3.7
April 18, 2016

6 Ways to Manifest our Desires by Using our Subconscious Mind.

 

Flickr/Mike Lay

As humans, we’re blessed with the innate power to make wonders happen—if we know how to use our gifts.

I learned this while reading Joseph Murphy’s 1963 book, “The Power of Your Subconscious Mind,” which he wrote after supposedly curing his skin cancer through the practice of subconscious intelligence.

Although our years are sometimes stagnated with difficulties, problems and sickness, we all desire a life full of happiness and freedom. So how can we achieve that by tapping into the intelligence that resides within the depth of our own subconscious?

“The Power of Your Subconscious Mind” suggests that there is a scientific practice that enables us to get what we want in life: the Law of Belief.

Our mind possesses two functional parts: the conscious and subconscious. I look at it as a garden, and we are the gardeners. All day long, we are planting seeds of thought from the conscious mind into the subconscious mind. As we sow, shall we reap in our day-to-day life.

If the thoughts deposited in our subconscious mind are harmonious, constructive and peaceful, we will bring about harmonious conditions. The subconscious mind doesn’t reason things out like the conscious mind does—it simply accepts what is impressed upon it.

Long before stumbling upon “The Power of Your Subconscious Mind,” I had many experiences that proved to me the truthfulness of the Law of Belief. Through the years, I noticed that the things that have manifested in my life were the ones I have incessantly thought about. Not all of them were good, however. Anything I dropped into my subconscious was reflected in my life. Be it breakups, sickness, business failures or trauma, I have attracted all of them through my thoughts.
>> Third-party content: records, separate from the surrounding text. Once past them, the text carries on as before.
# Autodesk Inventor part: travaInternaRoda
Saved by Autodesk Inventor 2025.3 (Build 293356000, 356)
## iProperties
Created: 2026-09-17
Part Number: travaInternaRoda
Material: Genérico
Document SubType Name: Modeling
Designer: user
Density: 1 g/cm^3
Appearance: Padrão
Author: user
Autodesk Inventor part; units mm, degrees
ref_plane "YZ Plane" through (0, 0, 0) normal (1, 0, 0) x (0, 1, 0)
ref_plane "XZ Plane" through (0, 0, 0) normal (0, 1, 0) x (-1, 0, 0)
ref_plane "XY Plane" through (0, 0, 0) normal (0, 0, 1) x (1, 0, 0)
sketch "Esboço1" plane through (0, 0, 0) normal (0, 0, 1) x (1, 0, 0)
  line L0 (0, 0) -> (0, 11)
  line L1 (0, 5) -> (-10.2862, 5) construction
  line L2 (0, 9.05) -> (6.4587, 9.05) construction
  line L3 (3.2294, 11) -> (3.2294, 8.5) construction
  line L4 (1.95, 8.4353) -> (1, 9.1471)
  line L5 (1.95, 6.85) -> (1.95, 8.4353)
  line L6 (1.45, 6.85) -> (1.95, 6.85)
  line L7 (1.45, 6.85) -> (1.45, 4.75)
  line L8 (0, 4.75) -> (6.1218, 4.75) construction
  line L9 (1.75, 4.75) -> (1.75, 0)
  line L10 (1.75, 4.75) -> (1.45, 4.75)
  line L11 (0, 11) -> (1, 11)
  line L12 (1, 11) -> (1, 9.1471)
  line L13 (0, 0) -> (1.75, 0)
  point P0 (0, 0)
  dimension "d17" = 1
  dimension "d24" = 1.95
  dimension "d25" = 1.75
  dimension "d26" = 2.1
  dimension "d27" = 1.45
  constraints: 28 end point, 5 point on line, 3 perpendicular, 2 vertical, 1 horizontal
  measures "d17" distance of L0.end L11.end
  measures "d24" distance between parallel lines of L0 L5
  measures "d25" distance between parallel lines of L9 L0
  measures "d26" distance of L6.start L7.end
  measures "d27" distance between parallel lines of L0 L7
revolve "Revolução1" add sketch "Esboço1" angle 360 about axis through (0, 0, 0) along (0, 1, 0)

I’ve recently started paying more attention to what I imprint in my mind.

Below are six techniques that can trigger our subconscious mind to adhere to the Law of Belief and eventually help us manifest our innermost desires.

1. The Visualization Technique.

With this technique, it is suggested that we visualize an idea and see it in our minds as vividly as if it were real. What we create in our imagination will one day appear in our world. What we visualize becomes manifested as facts and experiences as long as we are faithful to the mental images we are forming.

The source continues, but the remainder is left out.